Action item → Set down exactly the lines from the first line of the records through the line that contains "layer by layer", and leave every picture out.

________________________

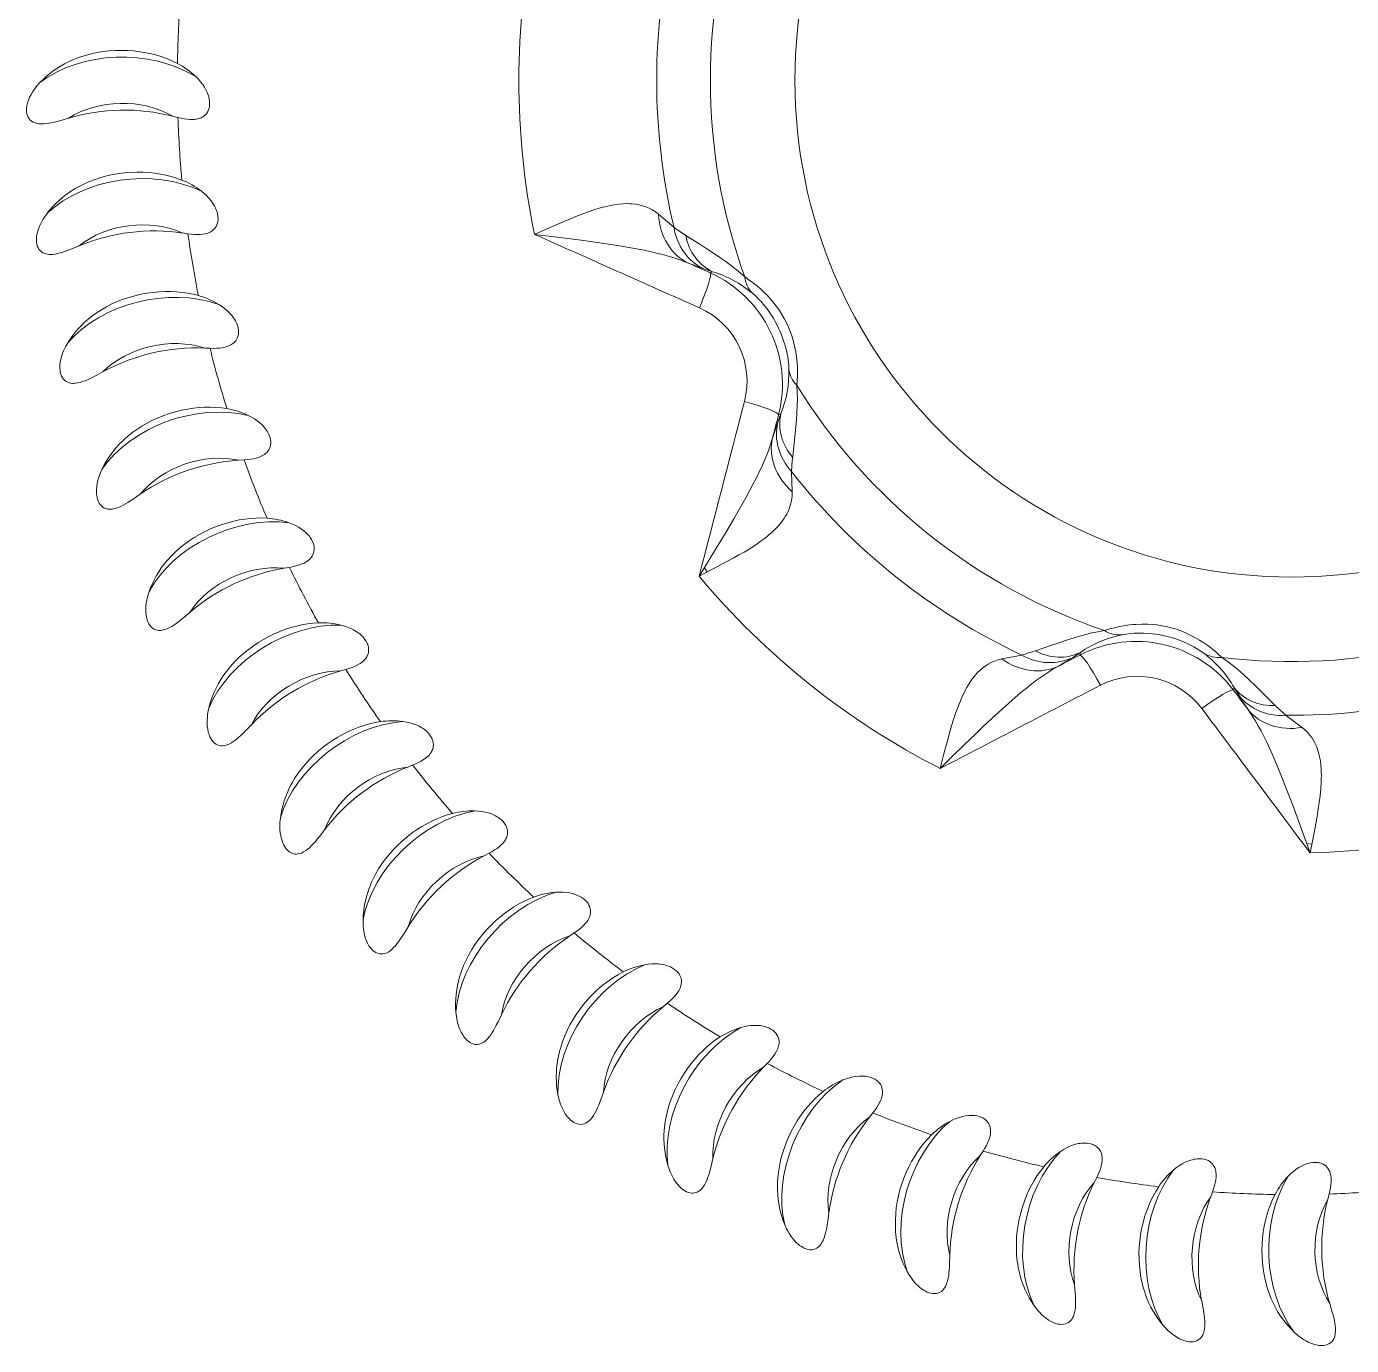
# Model space of a CAD drawing. Extents: x 89 to 601, y -20 to 440.
# Drawn here: x 448.49 to 480.92, y 102.77 to 135.06 of the extents above; entities that cross this region are included whole.
import ezdxf

# ---------------------------------------------------------------- set-up
doc = ezdxf.new("R2010")
doc.units = 0
doc.header["$LTSCALE"] = 7
doc.header["$MEASUREMENT"] = 0
doc.layers.add('8', color=250, linetype='CONTINUOUS', lineweight=15)

msp = doc.modelspace()

# ---------------------------------------------------------------- linework, layer by layer
at = {"layer": '8', "ltscale": 0.003281}
for p, q in [((452.199, 132.827), (452.072, 132.859)), ((452.444, 129.983), (452.314, 130.002)), ((452.985, 127.18), (452.854, 127.185)), ((453.816, 124.448), (453.685, 124.44)), ((456.308, 119.32), (456.182, 119.284)), ((457.942, 116.979), (457.821, 116.93)), ((461.898, 112.872), (461.789, 112.799)), ((464.175, 111.15), (464.075, 111.066)), ((469.206, 108.466), (469.125, 108.363)), ((471.904, 107.533), (471.834, 107.422)), ((477.518, 106.535), (477.473, 106.412)), ((480.372, 106.481), (480.34, 106.354))]:
    msp.add_line(p, q, dxfattribs=at)
at = {"layer": '8', "ltscale": 0.012495}
msp.add_line((463.961, 130.462), (464.339, 130.135), dxfattribs=at)
at = {"layer": '8', "ltscale": 0.00558}
msp.add_line((465.072, 129.125), (465.283, 129.055), dxfattribs=at)
at = {"layer": '8', "ltscale": 0.001645}
msp.add_line((465.224, 129.026), (465.283, 129.055), dxfattribs=at)
at = {"layer": '8', "ltscale": 0.005581}
for p, q in [((466.957, 125.58), (466.88, 125.37)), ((474.097, 119.615), (474.285, 119.736)), ((478.045, 118.878), (478.161, 118.687))]:
    msp.add_line(p, q, dxfattribs=at)
at = {"layer": '8', "ltscale": 0.001646}
for p, q in [((466.897, 125.551), (466.957, 125.58)), ((474.27, 119.672), (474.285, 119.736)), ((478.03, 118.814), (478.045, 118.878))]:
    msp.add_line(p, q, dxfattribs=at)
at = {"layer": '8', "ltscale": 0.012494}
for p, q in [((467.213, 124.167), (467.233, 123.668)), ((472.359, 119.579), (472.851, 119.671))]:
    msp.add_line(p, q, dxfattribs=at)
at = {"layer": '8', "ltscale": 0.00328}
for p, q in [((454.928, 121.819), (454.798, 121.796)), ((459.812, 114.822), (459.696, 114.76)), ((466.62, 109.677), (466.529, 109.582)), ((474.685, 106.887), (474.627, 106.769))]:
    msp.add_line(p, q, dxfattribs=at)
at = {"layer": '8', "ltscale": 0.003134}
msp.add_line((465.148, 121.702), (465.082, 121.809), dxfattribs=at)
at = {"layer": '8', "ltscale": 0.012493}
msp.add_line((479.308, 118.197), (479.711, 117.902), dxfattribs=at)
at = {"layer": '8', "ltscale": 0.003136}
msp.add_line((479.949, 115.046), (479.824, 115.061), dxfattribs=at)
at = {"layer": '8'}
for points in [[(449.52, 134.191), (449.587, 134.222), (449.654, 134.251), (449.723, 134.279), (449.792, 134.304), (449.933, 134.35), (450.077, 134.388), (450.223, 134.419), (450.37, 134.443), (450.519, 134.46), (450.668, 134.469), (450.818, 134.472), (450.968, 134.468), (451.118, 134.457), (451.266, 134.439), (451.414, 134.415), (451.548, 134.386), (451.681, 134.351), (451.812, 134.31), (451.94, 134.263), (452.065, 134.21), (452.187, 134.151)], [(448.82, 133.682), (448.747, 133.6), (448.713, 133.557), (448.681, 133.513), (448.64, 133.452), (448.603, 133.389), (448.569, 133.323), (448.541, 133.255), (448.517, 133.184), (448.508, 133.148), (448.501, 133.112), (448.494, 133.063), (448.492, 133.014), (448.494, 132.966), (448.502, 132.919), (448.515, 132.874), (448.533, 132.833), (448.557, 132.795), (448.585, 132.764), (448.618, 132.737), (448.654, 132.715), (448.692, 132.699), (448.731, 132.687), (448.761, 132.68), (448.792, 132.676), (448.854, 132.672), (448.917, 132.673), (448.98, 132.679), (449.042, 132.688), (449.104, 132.7), (449.174, 132.716), (449.244, 132.733), (449.336, 132.758), (449.52, 132.812)], [(452.199, 132.827), (452.275, 132.81), (452.354, 132.795), (452.423, 132.785), (452.495, 132.779), (452.571, 132.778), (452.609, 132.781), (452.646, 132.786), (452.681, 132.793), (452.714, 132.802), (452.744, 132.812), (452.77, 132.823), (452.794, 132.836), (452.816, 132.849), (452.851, 132.876), (452.879, 132.903), (452.902, 132.932), (452.929, 132.974), (452.947, 133.016), (452.961, 133.059), (452.967, 133.088), (452.971, 133.116), (452.974, 133.173), (452.971, 133.23), (452.962, 133.287), (452.954, 133.323), (452.944, 133.359), (452.931, 133.398), (452.916, 133.437), (452.885, 133.504), (452.847, 133.57), (452.804, 133.636), (452.754, 133.701), (452.698, 133.765), (452.635, 133.829)], [(449.637, 131.059), (449.7, 131.097), (449.764, 131.133), (449.829, 131.167), (449.896, 131.2), (450.031, 131.26), (450.17, 131.313), (450.312, 131.359), (450.456, 131.398), (450.602, 131.431), (450.75, 131.456), (450.899, 131.475), (451.048, 131.486), (451.198, 131.491), (451.348, 131.489), (451.497, 131.479), (451.634, 131.465), (451.77, 131.444), (451.904, 131.417), (452.036, 131.383), (452.166, 131.344), (452.294, 131.298)], [(452.444, 129.983), (452.521, 129.974), (452.602, 129.967), (452.671, 129.964), (452.743, 129.966), (452.819, 129.973), (452.856, 129.98), (452.892, 129.988), (452.927, 129.999), (452.959, 130.011), (452.987, 130.025), (453.012, 130.039), (453.035, 130.054), (453.055, 130.069), (453.087, 130.099), (453.112, 130.13), (453.132, 130.16), (453.154, 130.205), (453.168, 130.249), (453.177, 130.293), (453.18, 130.322), (453.181, 130.351), (453.178, 130.408), (453.169, 130.464), (453.155, 130.519), (453.143, 130.555), (453.129, 130.59), (453.112, 130.627), (453.093, 130.664), (453.055, 130.727), (453.011, 130.789), (452.961, 130.85), (452.905, 130.91), (452.842, 130.968), (452.773, 131.025)], [(460.922, 129.969), (461.265, 130.12), (461.627, 130.278), (461.805, 130.352), (461.937, 130.406), (462.069, 130.458), (462.235, 130.519), (462.401, 130.574), (462.565, 130.623), (462.642, 130.643), (462.718, 130.661), (462.795, 130.677), (462.871, 130.691), (462.984, 130.707), (463.096, 130.717), (463.207, 130.72), (463.262, 130.718), (463.317, 130.715), (463.402, 130.705), (463.487, 130.69), (463.569, 130.669), (463.649, 130.642), (463.727, 130.609), (463.808, 130.567), (463.886, 130.518), (463.961, 130.462)], [(448.994, 130.48), (448.93, 130.391), (448.901, 130.345), (448.873, 130.297), (448.839, 130.232), (448.809, 130.165), (448.782, 130.097), (448.761, 130.026), (448.745, 129.953), (448.74, 129.916), (448.736, 129.879), (448.735, 129.83), (448.738, 129.781), (448.745, 129.733), (448.757, 129.687), (448.775, 129.644), (448.797, 129.605), (448.825, 129.571), (448.857, 129.542), (448.892, 129.519), (448.93, 129.501), (448.969, 129.488), (449.01, 129.48), (449.04, 129.477), (449.071, 129.476), (449.134, 129.478), (449.196, 129.486), (449.258, 129.499), (449.319, 129.514), (449.38, 129.533), (449.447, 129.556), (449.515, 129.58), (449.604, 129.615), (449.781, 129.688)], [(460.922, 129.969), (461.337, 129.919), (461.738, 129.869), (462.13, 129.817), (462.404, 129.779), (462.676, 129.74), (463.003, 129.688), (463.328, 129.632), (463.607, 129.579), (463.744, 129.55), (463.879, 129.519), (464.056, 129.475), (464.228, 129.428), (464.394, 129.376), (464.545, 129.322), (464.689, 129.265)], [(464.63, 129.942), (464.97, 129.725), (465.139, 129.616), (465.306, 129.507), (465.488, 129.385), (465.585, 129.317), (465.71, 129.224), (465.831, 129.13), (465.947, 129.035), (466.07, 128.925)], [(466.07, 128.925), (466.134, 128.883), (466.204, 128.834), (466.275, 128.782), (466.348, 128.724), (466.454, 128.634), (466.562, 128.533), (466.616, 128.478), (466.67, 128.42), (466.764, 128.311), (466.81, 128.254), (466.854, 128.194), (466.919, 128.102), (466.98, 128.006), (467.037, 127.907), (467.09, 127.805), (467.138, 127.701), (467.181, 127.595), (467.22, 127.487), (467.254, 127.379), (467.273, 127.307), (467.291, 127.235), (467.32, 127.093), (467.339, 126.964), (467.352, 126.838), (467.36, 126.719), (467.362, 126.642), (467.363, 126.568), (467.361, 126.482), (467.357, 126.403), (467.346, 126.275)], [(450.081, 127.957), (450.139, 128.001), (450.199, 128.043), (450.261, 128.084), (450.324, 128.124), (450.452, 128.198), (450.584, 128.265), (450.721, 128.325), (450.86, 128.38), (451.002, 128.427), (451.146, 128.468), (451.292, 128.502), (451.44, 128.529), (451.588, 128.549), (451.737, 128.563), (451.887, 128.569), (452.024, 128.569), (452.161, 128.562), (452.298, 128.549), (452.433, 128.53), (452.567, 128.504), (452.698, 128.472)], [(466.257, 128.527), (466.332, 128.46), (466.418, 128.374), (466.468, 128.322), (466.519, 128.264), (466.567, 128.205), (466.616, 128.142), (466.699, 128.025), (466.739, 127.963), (466.779, 127.899), (466.817, 127.832), (466.853, 127.765), (466.899, 127.672), (466.942, 127.578), (466.98, 127.483), (467.006, 127.412), (467.03, 127.342), (467.051, 127.272), (467.07, 127.204), (467.091, 127.122), (467.107, 127.044), (467.121, 126.968), (467.132, 126.897), (467.146, 126.772), (467.151, 126.67)], [(452.985, 127.18), (453.063, 127.178), (453.143, 127.18), (453.213, 127.185), (453.284, 127.194), (453.359, 127.209), (453.395, 127.22), (453.43, 127.232), (453.463, 127.246), (453.494, 127.262), (453.521, 127.278), (453.544, 127.295), (453.565, 127.312), (453.584, 127.329), (453.612, 127.362), (453.634, 127.395), (453.651, 127.428), (453.668, 127.475), (453.677, 127.52), (453.681, 127.565), (453.681, 127.594), (453.68, 127.623), (453.671, 127.679), (453.656, 127.734), (453.636, 127.787), (453.62, 127.821), (453.603, 127.855), (453.582, 127.89), (453.559, 127.925), (453.515, 127.984), (453.464, 128.041), (453.408, 128.096), (453.346, 128.149), (453.278, 128.201), (453.203, 128.25)], [(449.501, 127.313), (449.448, 127.218), (449.423, 127.169), (449.401, 127.119), (449.373, 127.051), (449.35, 126.981), (449.331, 126.91), (449.317, 126.837), (449.309, 126.763), (449.308, 126.726), (449.308, 126.689), (449.312, 126.64), (449.32, 126.592), (449.332, 126.545), (449.349, 126.5), (449.371, 126.459), (449.398, 126.423), (449.429, 126.391), (449.463, 126.366), (449.501, 126.347), (449.54, 126.333), (449.581, 126.325), (449.622, 126.321), (449.653, 126.321), (449.684, 126.323), (449.745, 126.332), (449.806, 126.346), (449.866, 126.365), (449.926, 126.387), (449.984, 126.412), (450.049, 126.441), (450.114, 126.473), (450.199, 126.517), (450.367, 126.608)], [(467.346, 126.275), (467.355, 126.109), (467.358, 125.94), (467.355, 125.77), (467.347, 125.597), (467.334, 125.422), (467.313, 125.185), (467.297, 125.025), (467.243, 124.516)], [(450.846, 124.918), (450.9, 124.968), (450.955, 125.016), (451.012, 125.063), (451.07, 125.109), (451.19, 125.196), (451.315, 125.277), (451.444, 125.351), (451.577, 125.419), (451.713, 125.481), (451.852, 125.537), (451.994, 125.586), (452.138, 125.629), (452.284, 125.664), (452.43, 125.693), (452.578, 125.715), (452.715, 125.729), (452.852, 125.737), (452.989, 125.738), (453.126, 125.733), (453.261, 125.722), (453.395, 125.703)], [(453.816, 124.448), (453.893, 124.455), (453.973, 124.465), (454.042, 124.477), (454.112, 124.493), (454.184, 124.517), (454.219, 124.531), (454.253, 124.547), (454.284, 124.564), (454.313, 124.583), (454.338, 124.602), (454.36, 124.621), (454.379, 124.64), (454.396, 124.66), (454.421, 124.696), (454.439, 124.731), (454.452, 124.765), (454.464, 124.813), (454.469, 124.859), (454.468, 124.904), (454.465, 124.933), (454.46, 124.961), (454.446, 125.017), (454.425, 125.07), (454.4, 125.121), (454.381, 125.153), (454.36, 125.184), (454.335, 125.217), (454.309, 125.25), (454.259, 125.303), (454.203, 125.355), (454.141, 125.404), (454.074, 125.451), (454, 125.495), (453.921, 125.536)], [(466.75, 124.983), (466.704, 124.83), (466.649, 124.674), (466.587, 124.514), (466.538, 124.398), (466.486, 124.281), (466.427, 124.155), (466.365, 124.028), (466.278, 123.859), (466.188, 123.689), (466.095, 123.518), (466, 123.347), (465.803, 123.004), (465.599, 122.659), (465.391, 122.312), (465.178, 121.965), (464.953, 121.6)], [(450.337, 124.217), (450.294, 124.117), (450.275, 124.065), (450.257, 124.013), (450.238, 123.942), (450.222, 123.871), (450.21, 123.798), (450.204, 123.724), (450.204, 123.65), (450.206, 123.613), (450.211, 123.576), (450.219, 123.528), (450.232, 123.48), (450.249, 123.435), (450.271, 123.393), (450.297, 123.354), (450.327, 123.321), (450.362, 123.292), (450.398, 123.271), (450.438, 123.256), (450.478, 123.246), (450.52, 123.242), (450.561, 123.243), (450.591, 123.246), (450.622, 123.251), (450.683, 123.266), (450.742, 123.287), (450.799, 123.312), (450.856, 123.34), (450.912, 123.371), (450.973, 123.407), (451.034, 123.445), (451.114, 123.498), (451.272, 123.606)], [(467.233, 123.668), (467.23, 123.581), (467.221, 123.495), (467.206, 123.411), (467.184, 123.329), (467.157, 123.25), (467.129, 123.185), (467.098, 123.122), (467.063, 123.06), (467.034, 123.015), (467.003, 122.97), (466.937, 122.884), (466.871, 122.809), (466.8, 122.736), (466.725, 122.666), (466.671, 122.619), (466.615, 122.573), (466.546, 122.52), (466.476, 122.467), (466.34, 122.373), (466.199, 122.282), (466.053, 122.193), (465.929, 122.122), (465.804, 122.051), (465.633, 121.958), (465.285, 121.774), (464.953, 121.6)], [(451.925, 121.975), (451.973, 122.03), (452.023, 122.084), (452.075, 122.137), (452.128, 122.189), (452.238, 122.288), (452.354, 122.381), (452.474, 122.469), (452.599, 122.551), (452.729, 122.626), (452.861, 122.696), (452.997, 122.76), (453.136, 122.817), (453.277, 122.868), (453.42, 122.912), (453.564, 122.949), (453.699, 122.978), (453.835, 123), (453.971, 123.015), (454.107, 123.025), (454.243, 123.027), (454.378, 123.023)], [(454.928, 121.819), (455.004, 121.834), (455.082, 121.852), (455.15, 121.871), (455.217, 121.895), (455.287, 121.925), (455.32, 121.943), (455.352, 121.962), (455.382, 121.983), (455.408, 122.005), (455.431, 122.026), (455.451, 122.048), (455.468, 122.069), (455.482, 122.09), (455.503, 122.128), (455.518, 122.165), (455.527, 122.2), (455.534, 122.249), (455.534, 122.296), (455.529, 122.34), (455.523, 122.369), (455.515, 122.396), (455.495, 122.45), (455.469, 122.5), (455.438, 122.549), (455.416, 122.579), (455.391, 122.608), (455.364, 122.638), (455.334, 122.667), (455.279, 122.715), (455.218, 122.761), (455.151, 122.803), (455.079, 122.842), (455.002, 122.879), (454.918, 122.911)], [(451.492, 121.225), (451.46, 121.121), (451.446, 121.068), (451.434, 121.014), (451.422, 120.942), (451.414, 120.869), (451.41, 120.795), (451.411, 120.721), (451.419, 120.647), (451.425, 120.611), (451.433, 120.575), (451.447, 120.527), (451.465, 120.482), (451.487, 120.438), (451.512, 120.398), (451.542, 120.363), (451.576, 120.333), (451.613, 120.308), (451.652, 120.291), (451.693, 120.279), (451.734, 120.274), (451.775, 120.275), (451.816, 120.28), (451.847, 120.286), (451.877, 120.294), (451.935, 120.316), (451.992, 120.343), (452.047, 120.374), (452.1, 120.407), (452.152, 120.444), (452.21, 120.486), (452.266, 120.531), (452.34, 120.591), (452.486, 120.715)], [(453.306, 119.162), (453.348, 119.222), (453.392, 119.28), (453.438, 119.338), (453.485, 119.395), (453.585, 119.505), (453.69, 119.61), (453.801, 119.71), (453.916, 119.804), (454.037, 119.893), (454.161, 119.977), (454.29, 120.054), (454.422, 120.126), (454.557, 120.191), (454.694, 120.25), (454.834, 120.302), (454.965, 120.344), (455.098, 120.38), (455.231, 120.41), (455.366, 120.433), (455.501, 120.45), (455.636, 120.46)], [(456.308, 119.32), (456.382, 119.343), (456.459, 119.369), (456.523, 119.395), (456.588, 119.426), (456.654, 119.463), (456.686, 119.484), (456.715, 119.507), (456.743, 119.531), (456.767, 119.555), (456.787, 119.579), (456.805, 119.602), (456.819, 119.625), (456.831, 119.647), (456.848, 119.688), (456.859, 119.726), (456.865, 119.762), (456.866, 119.811), (456.862, 119.858), (456.852, 119.901), (456.843, 119.929), (456.832, 119.956), (456.806, 120.007), (456.775, 120.054), (456.739, 120.099), (456.714, 120.127), (456.687, 120.153), (456.656, 120.18), (456.624, 120.206), (456.564, 120.248), (456.498, 120.287), (456.428, 120.322), (456.352, 120.354), (456.271, 120.382), (456.185, 120.405)], [(474.876, 120.27), (474.949, 120.294), (475.031, 120.319), (475.116, 120.341), (475.207, 120.363), (475.343, 120.389), (475.489, 120.41), (475.566, 120.418), (475.645, 120.424), (475.789, 120.43), (475.862, 120.43), (475.937, 120.428), (476.049, 120.42), (476.162, 120.408), (476.275, 120.391), (476.388, 120.369), (476.499, 120.342), (476.609, 120.31), (476.717, 120.273), (476.823, 120.232), (476.891, 120.202), (476.958, 120.171), (477.088, 120.105), (477.201, 120.04), (477.307, 119.972), (477.405, 119.903), (477.467, 119.857), (477.525, 119.811), (477.591, 119.756), (477.65, 119.704), (477.744, 119.616)], [(473.183, 119.778), (473.565, 119.909), (473.755, 119.974), (473.945, 120.036), (474.154, 120.102), (474.267, 120.135), (474.418, 120.176), (474.567, 120.212), (474.714, 120.242), (474.876, 120.27)], [(475.305, 120.168), (475.403, 120.185), (475.524, 120.199), (475.596, 120.205), (475.673, 120.209), (475.749, 120.21), (475.829, 120.209), (475.972, 120.201), (476.045, 120.194), (476.12, 120.184), (476.196, 120.173), (476.272, 120.159), (476.373, 120.137), (476.473, 120.112), (476.571, 120.083), (476.643, 120.059), (476.713, 120.034), (476.781, 120.007), (476.846, 119.979), (476.922, 119.944), (476.994, 119.908), (477.062, 119.872), (477.124, 119.836), (477.23, 119.769), (477.313, 119.71)], [(470.85, 116.897), (470.946, 117.258), (471.048, 117.639), (471.101, 117.826), (471.141, 117.963), (471.183, 118.098), (471.239, 118.266), (471.299, 118.43), (471.363, 118.589), (471.395, 118.661), (471.429, 118.732), (471.464, 118.802), (471.501, 118.87), (471.559, 118.969), (471.621, 119.062), (471.688, 119.151), (471.723, 119.193), (471.76, 119.233), (471.821, 119.295), (471.886, 119.351), (471.953, 119.402), (472.025, 119.448), (472.099, 119.489), (472.182, 119.525), (472.269, 119.556), (472.359, 119.579)], [(470.85, 116.897), (471.148, 117.19), (471.437, 117.472), (471.722, 117.747), (471.923, 117.937), (472.123, 118.125), (472.367, 118.348), (472.613, 118.567), (472.829, 118.752), (472.937, 118.841), (473.046, 118.928), (473.19, 119.038), (473.335, 119.143), (473.479, 119.241), (473.614, 119.325), (473.749, 119.402)], [(477.744, 119.616), (477.879, 119.519), (478.013, 119.416), (478.144, 119.307), (478.274, 119.193), (478.404, 119.074), (478.575, 118.91), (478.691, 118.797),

________________________

Exercise answer →
# Model space of a CAD drawing. Extents: x 89 to 601, y -20 to 440.
# Drawn here: x 448.49 to 480.92, y 102.77 to 135.06 of the extents above; entities that cross this region are included whole.
import ezdxf

# ---------------------------------------------------------------- set-up
doc = ezdxf.new("R2010")
doc.units = 0
doc.header["$LTSCALE"] = 7
doc.header["$MEASUREMENT"] = 0
doc.layers.add('8', color=250, linetype='CONTINUOUS', lineweight=15)

msp = doc.modelspace()

# ---------------------------------------------------------------- linework, layer by layer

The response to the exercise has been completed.